Spark Execution Plan Deep Dive: Reading EXPLAIN Like a Pro
You open the Spark UI after a three-hour job finishes. The SQL tab shows a wall of operators — SortMergeJoin, Exchange hashpartitioning, *(3) HashAggregate, BroadcastExchange HashedRelationBroadcastMode. Your teammate asks why the optimizer did not broadcast the small dimension table. You stare at the plan. You recognize some words. You do not know how to read it.
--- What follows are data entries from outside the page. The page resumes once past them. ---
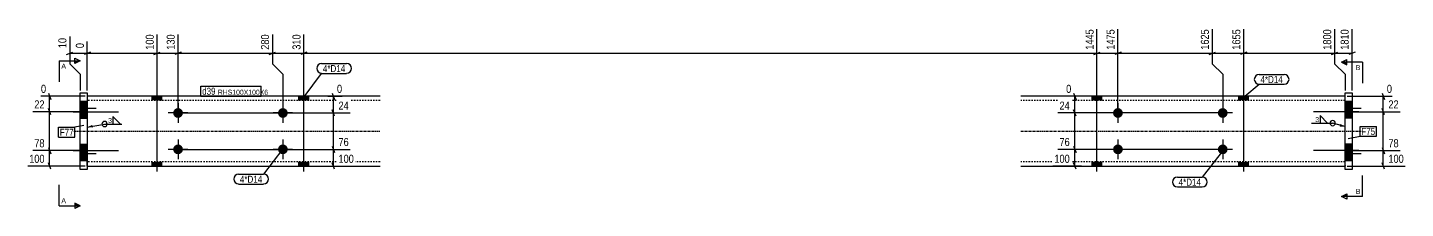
# Model space of a CAD drawing. Header units: millimetres. Extents: x 10 to 28380, y 5 to 690.
# Drawn here: x 26408 to 28380, y 7 to 266 of the extents above; entities that cross this region are included whole.
import ezdxf

# ---------------------------------------------------------------- set-up
doc = ezdxf.new("R2010")
doc.units = ezdxf.units.MM
doc.linetypes.add('DXK_LINE_DOT2', pattern=[3.9198, 1.9599, -1.9599])
doc.linetypes.add('DXK_LINE_DOT3', pattern=[5.9187, 2.979, -0.9799, 0.9799, -0.9799])
for name, color, linetype in [('MÅLSÆTNING', 7, 'Continuous'), ('STÅL', 7, 'Continuous'), ('TEKST', 7, 'Continuous')]:
    doc.layers.add(name, color=color, linetype=linetype)
doc.styles.add('Arial', font='ARIAL.TTF', dxfattribs={"height": 0.2})
doc.styles.add('Arial Narrow', font='ARIALN.TTF', dxfattribs={"height": 0.2})

msp = doc.modelspace()

# ---------------------------------------------------------------- hatches: boundary and pattern name
at = {"layer": 'STÅL', "linetype": 'Continuous'}
for points in [[(26493.5, 140.2), (26493.5, 160.2), (26483.5, 160.2), (26483.5, 140.2)], [(26586.5, 161.7), (26600.5, 161.7), (26600.5, 167.7), (26586.5, 167.7)], [(26586.5, 161.7), (26600.5, 161.7), (26600.5, 167.7), (26586.5, 167.7)], [(26796.5, 161.7), (26810.5, 161.7), (26810.5, 167.7), (26796.5, 167.7)], [(26796.5, 161.7), (26810.5, 161.7), (26810.5, 167.7), (26796.5, 167.7)], [(27931.5, 161.7), (27945.5, 161.7), (27945.5, 167.7), (27931.5, 167.7)], [(27931.5, 161.7), (27945.5, 161.7), (27945.5, 167.7), (27931.5, 167.7)], [(28141.5, 161.7), (28155.5, 161.7), (28155.5, 167.7), (28141.5, 167.7)], [(28141.5, 161.7), (28155.5, 161.7), (28155.5, 167.7), (28141.5, 167.7)], [(28303.5, 140.2), (28303.5, 160.2), (28293.5, 160.2), (28293.5, 140.2)], [(26493.5, 136.5), (26493.5, 154.5), (26483.5, 154.5), (26483.5, 136.5)], [(26623.5, 136.7, -1), (26623.5, 150.7, -1)], [(26773.5, 136.7, -1), (26773.5, 150.7, -1)], [(27968.5, 136.7, -1), (27968.5, 150.7, -1)], [(28118.5, 136.7, -1), (28118.5, 150.7, -1)], [(28303.5, 136.5), (28303.5, 154.5), (28293.5, 154.5), (28293.5, 136.5)], [(26493.5, 80.9), (26493.5, 98.9), (26483.5, 98.9), (26483.5, 80.9)], [(26623.5, 84.7, -1), (26623.5, 98.7, -1)], [(26773.5, 84.7, -1), (26773.5, 98.7, -1)], [(27968.5, 84.7, -1), (27968.5, 98.7, -1)], [(28118.5, 84.7, -1), (28118.5, 98.7, -1)], [(28303.5, 80.9), (28303.5, 98.9), (28293.5, 98.9), (28293.5, 80.9)], [(26493.5, 75.2), (26493.5, 95.2), (26483.5, 95.2), (26483.5, 75.2)], [(28303.5, 75.2), (28303.5, 95.2), (28293.5, 95.2), (28293.5, 75.2)], [(26586.5, 67.7), (26600.5, 67.7), (26600.5, 73.7), (26586.5, 73.7)], [(26586.5, 67.7), (26600.5, 67.7), (26600.5, 73.7), (26586.5, 73.7)], [(26796.5, 67.7), (26810.5, 67.7), (26810.5, 73.7), (26796.5, 73.7)], [(26796.5, 67.7), (26810.5, 67.7), (26810.5, 73.7), (26796.5, 73.7)], [(27931.5, 67.7), (27945.5, 67.7), (27945.5, 73.7), (27931.5, 73.7)], [(27931.5, 67.7), (27945.5, 67.7), (27945.5, 73.7), (27931.5, 73.7)], [(28141.5, 67.7), (28155.5, 67.7), (28155.5, 73.7), (28141.5, 73.7)], [(28141.5, 67.7), (28155.5, 67.7), (28155.5, 73.7), (28141.5, 73.7)]]:
    msp.add_hatch(color=96, dxfattribs=at).paths.add_polyline_path(points)
at = {"layer": 'TEKST', "linetype": 'Continuous'}
for color, points in [(30, [(26476, 214.6), (26476, 218.4), (26483.5, 218.4)]), (30, [(28296, 216.4), (28296, 212.6), (28288.5, 216.4)]), (3, [(26501.3, 122.9), (26493.5, 123.4), (26500.6, 126.6)]), (3, [(28286.8, 128), (28293.5, 124.2), (28285.8, 124.4)]), (30, [(28296, 28), (28296, 24.3), (28288.5, 24.3)]), (30, [(26476, 11), (26476, 14.7), (26483.5, 11)])]:
    msp.add_hatch(color=color, dxfattribs=at).paths.add_polyline_path(points)

# ---------------------------------------------------------------- linework, layer by layer
at = {"layer": 'MÅLSÆTNING', "color": 7, "linetype": 'Continuous'}
for p, q in [((27938.5, 180.7), (27938.5, 263.5)), ((27968.5, 146.7), (27968.5, 263.5)), ((28103.5, 263.5), (28103.5, 214.1)), ((28103.5, 263.5), (28103.5, 214.1)), ((28148.5, 180.7), (28148.5, 263.5)), ((28148.5, 180.7), (28148.5, 263.5)), ((28278.5, 263.5), (28278.5, 214.1)), ((28303.5, 175.7), (28303.5, 263.5)), ((26468.5, 253.2), (26468.5, 214.1)), ((26493.5, 175.7), (26493.5, 245.9)), ((26493.5, 175.7), (26493.5, 245.9)), ((26593.5, 180.7), (26593.5, 256.2)), ((26593.5, 180.7), (26593.5, 256.2)), ((26623.5, 146.7), (26623.5, 256.2)), ((26623.5, 146.7), (26623.5, 256.2)), ((26758.5, 256.2), (26758.5, 214.1)), ((26803.5, 180.7), (26803.5, 256.2)), ((26803.5, 180.7), (26803.5, 256.2)), ((26464, 227.3), (26473, 230.9)), ((26468.5, 229.1), (26493.5, 229.1)), ((26498, 230.9), (26489, 227.3)), ((26498, 230.9), (26489, 227.3)), ((26493.5, 229.1), (26593.5, 229.1)), ((26589, 227.3), (26598, 230.9)), ((26593.5, 229.1), (26623.5, 229.1)), ((26628, 230.9), (26619, 227.3)), ((26628, 230.9), (26619, 227.3)), ((26623.5, 229.1), (26758.5, 229.1)), ((26754, 227.3), (26763, 230.9)), ((26808, 230.9), (26799, 227.3)), ((26808, 230.9), (26799, 227.3)), ((26803.5, 229.1), (27938.5, 229.1)), ((27934, 227.3), (27943, 230.9)), ((27973, 230.9), (27964, 227.3)), ((28099, 227.3), (28108, 230.9)), ((28099, 227.3), (28108, 230.9)), ((28103.5, 229.1), (28148.5, 229.1)), ((28153, 230.9), (28144, 227.3)), ((28153, 230.9), (28144, 227.3)), ((28148.5, 229.1), (28278.5, 229.1)), ((28274, 227.3), (28283, 230.9)), ((28308, 230.9), (28299, 227.3)), ((26468.5, 214.1), (26483.5, 199.1)), ((26483.5, 199.1), (26483.5, 175.7)), ((26758.5, 214.1), (26773.5, 199.1)), ((26758.5, 214.1), (26773.5, 199.1)), ((26773.5, 199.1), (26773.5, 146.7)), ((26773.5, 199.1), (26773.5, 146.7)), ((28103.5, 214.1), (28118.5, 199.1)), ((28103.5, 214.1), (28118.5, 199.1)), ((28118.5, 199.1), (28118.5, 146.7)), ((28118.5, 199.1), (28118.5, 146.7)), ((28278.5, 214.1), (28293.5, 199.1)), ((28278.5, 214.1), (28293.5, 199.1)), ((28293.5, 199.1), (28293.5, 175.7)), ((28293.5, 199.1), (28293.5, 175.7)), ((27916.6, 167.7), (27894.4, 167.7)), ((27905, 172.2), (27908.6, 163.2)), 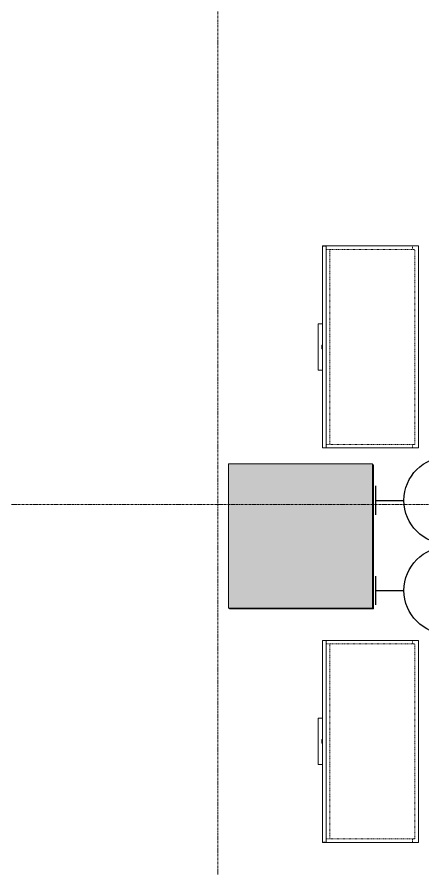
# Model space of a CAD drawing. Header units: inches. Extents: x 29752 to 31446, y 4278 to 5722.
# Drawn here: x 30802.5 to 30887, y 5040.7 to 5217.8 of the extents above; entities that cross this region are included whole.
import ezdxf

# ---------------------------------------------------------------- set-up
doc = ezdxf.new("R2010")
doc.units = ezdxf.units.IN
doc.header["$MEASUREMENT"] = 0
doc.linetypes.add('Dash', pattern=[0.25, 0.125, -0.125])
doc.linetypes.add('Grid Line 1_2_', pattern=[0.875, 0.5, -0.125, 0.125, -0.125])
for name, color, linetype, lineweight in [('1900 Duke Street_2nd Flr_LINKED_dwg', 8, 'Continuous', 9), ('A-ANNO-NOTE', 131, 'Continuous', 30), ('A-COLS', 52, 'Continuous', 13), ('AE-COLUMN', 7, 'Continuous', 9), ('E-ELEC-FIXT', 91, 'Continuous', 9), ('I-FURN', 30, 'Continuous', 9), ('I-FURN-HDLN', 30, 'Dash', 9), ('S-GRID', 1, 'Continuous', 9)]:
    doc.layers.add(name, color=color, linetype=linetype, lineweight=lineweight)

# ---------------------------------------------------------------- blocks, each defined once
blk = doc.blocks.new('1900 Duke Street_2nd Flr_LINKED_dwg-5565117-FIRST FLOOR POWER _ SIGNAL')
at = {"layer": 'AE-COLUMN'}
blk.add_hatch(color=256, dxfattribs=at).paths.add_polyline_path([(1778.19, 715.93), (1778.19, 715.93), (1778.19, 745.93), (1778, 745.93), (1778, 741.38), (1778.19, 741.38), (1778.19, 738.63), (1778, 738.63), (1778, 722.64), (1778.19, 722.64), (1778.19, 719.89), (1778, 719.89), (1778, 716.1), (1748.19, 716.1), (1748.19, 715.93), (1778, 715.93)], flags=0)
for p, q in [((1748.19, 716.1), (1748.19, 715.93)), ((1754.19, 716.1), (1754.19, 715.93))]:
    blk.add_line(p, q, dxfattribs=at)
at = {"layer": 'AE-COLUMN', "flags": 128}
for points in [[(1748.19, 715.93), (1778.19, 715.93), (1778.19, 745.93), (1778, 745.93)], [(1748.19, 716.1), (1748.19, 715.93), (1778.19, 715.93), (1778.19, 745.93), (1778, 745.93)], [(1754.19, 715.93), (1778.19, 715.93), (1778.19, 739.93)]]:
    blk.add_lwpolyline(points, dxfattribs=at)
blk = doc.blocks.new('Storage-Teknion-PLDCS_Counter_Height_Drawer_Cabinet_Standard-R2015 - Standard-6352142-FIRST FLOOR POWER _ SIGNAL')
at = {"layer": 'I-FURN'}
for p, q in [((21, 10), (-21, 10)), ((-21, 10), (-21, -10)), ((21, -10), (21, 10)), ((-21, -10), (21, -10)), ((4.84, -10), (-4.84, -10)), ((-4.84, -10), (-4.84, -10.87)), ((0.4, -10), (-0.4, -10)), ((-0.4, -10), (-0.4, -10.1)), ((-0.4, -10), (-0.4, -10.1)), ((-0.4, -10.1), (0.4, -10.1)), ((-0.4, -10.1), (0.4, -10.1)), ((0.4, -10.1), (0.4, -10)), ((0.4, -10.1), (0.4, -10)), ((4.84, -10.87), (4.84, -10)), ((-4.84, -10.87), (4.84, -10.87))]:
    blk.add_line(p, q, dxfattribs=at)
at = {"layer": 'I-FURN-HDLN'}
for p, q in [((-20.25, 9.25), (-20.25, -9.2)), ((20.25, 9.25), (-20.25, 9.25)), ((20.25, -9.2), (20.25, 9.25)), ((-21, 8.73), (-20.25, 8.73)), ((20.25, 8.73), (21, 8.73)), ((-20.25, -8.45), (20.25, -8.45)), ((-21, -9.2), (21, -9.2)), ((-20.94, -9.25), (20.94, -9.25)), ((-20.94, -10), (-20.94, -9.25)), ((20.94, -9.25), (20.94, -10))]:
    blk.add_line(p, q, dxfattribs=at)
blk = doc.blocks.new('PS - Power Device _Wall Base_ - Basefeed Power-4862739-FIRST FLOOR POWER _ SIGNAL')
at = {"layer": 'E-ELEC-FIXT'}
for p, q in [((30876.74, 5120.19), (30876.55, 5120.19)), ((30876.74, 5120.19), (30876.74, 5117.44)), ((30876.55, 5117.44), (30876.74, 5117.44))]:
    blk.add_line(p, q, dxfattribs=at)
blk = doc.blocks.new('PS - Power Device _Wall Base_ - Basefeed Data-4862737-FIRST FLOOR POWER _ SIGNAL')
at = {"layer": 'E-ELEC-FIXT'}
for p, q in [((30876.74, 5101.45), (30876.55, 5101.45)), ((30876.74, 5101.45), (30876.74, 5098.7)), ((30876.55, 5098.7), (30876.74, 5098.7))]:
    blk.add_line(p, q, dxfattribs=at)

msp = doc.modelspace()

# ---------------------------------------------------------------- hatches: boundary and pattern name
at = {"layer": 'A-COLS'}
msp.add_hatch(color=250, dxfattribs=at).paths.add_polyline_path([(30852.74, 5094.91), (30876.55, 5094.91), (30876.55, 5124.91), (30846.55, 5124.91), (30846.55, 5094.91), (30846.74, 5094.91)], flags=0)

# ---------------------------------------------------------------- linework, layer by layer
at = {"layer": 'A-ANNO-NOTE'}
for p, q in [((30877.2, 5114.31), (30877.2, 5120.31)), ((30877.2, 5117.31), (30883.06, 5117.31)), ((30877.2, 5095.58), (30877.2, 5101.58)), ((30877.2, 5098.58), (30883.06, 5098.58))]:
    msp.add_line(p, q, dxfattribs=at)
for centre in [(30892.13, 5117.31), (30892.13, 5098.58)]:
    msp.add_circle(centre, 9.07, dxfattribs=at)
at = {"layer": 'A-COLS', "color": 8, "lineweight": 20}
for p, q in [((30876.55, 5124.91), (30846.55, 5124.91)), ((30846.55, 5124.91), (30846.55, 5094.91)), ((30876.55, 5094.91), (30876.55, 5124.91)), ((30846.55, 5094.91), (30876.55, 5094.91))]:
    msp.add_line(p, q, dxfattribs=at)
at = {"layer": 'S-GRID', "linetype": 'Grid Line 1_2_'}
for p, q in [((30844.36, 4277.77), (30844.36, 5698.13)), ((31446.27, 5116.45), (29775.66, 5116.45))]:
    msp.add_line(p, q, dxfattribs=at)

# ---------------------------------------------------------------- block references
at = {"layer": '1900 Duke Street_2nd Flr_LINKED_dwg', "color": 7}
msp.add_blockref('1900 Duke Street_2nd Flr_LINKED_dwg-5565117-FIRST FLOOR POWER _ SIGNAL', (29098.55, 4378.81), dxfattribs=at)
at = {"layer": 'E-ELEC-FIXT'}
for name in ['PS - Power Device _Wall Base_ - Basefeed Power-4862739-FIRST FLOOR POWER _ SIGNAL', 'PS - Power Device _Wall Base_ - Basefeed Data-4862737-FIRST FLOOR POWER _ SIGNAL']:
    msp.add_blockref(name, (0, 0), dxfattribs=at)
at = {"layer": 'I-FURN', "rotation": 269.9999999999997}
for p in [(30876.1, 5149.21), (30876.1, 5067.21)]:
    msp.add_blockref('Storage-Teknion-PLDCS_Counter_Height_Drawer_Cabinet_Standard-R2015 - Standard-6352142-FIRST FLOOR POWER _ SIGNAL', p, dxfattribs=at)

doc.saveas('drawing.dxf')

Every Spark performance guide says "check the execution plan." Every tuning blog says "verify predicate pushdown in the EXPLAIN output." Every debugging guide says "look for unnecessary shuffles." None of them teach you how to actually read the plan from top to bottom — what every operator means, what the asterisk notation is, what the three different filter fields in a FileScan node represent, or how the plan you see before execution differs from the plan that actually runs.
This post is the missing manual. We start with how Spark transforms your code into an execution plan through the Catalyst optimizer pipeline, cover every EXPLAIN mode and when to use each one, walk through every physical plan operator you will encounter, explain whole-stage code generation and what the *(n) notation means, show how to verify predicate pushdown, cover how Adaptive Query Execution rewrites plans at runtime, map EXPLAIN output to the Spark UI, catalog the anti-patterns you can spot in any plan, and finish with a full annotated walkthrough of a real query.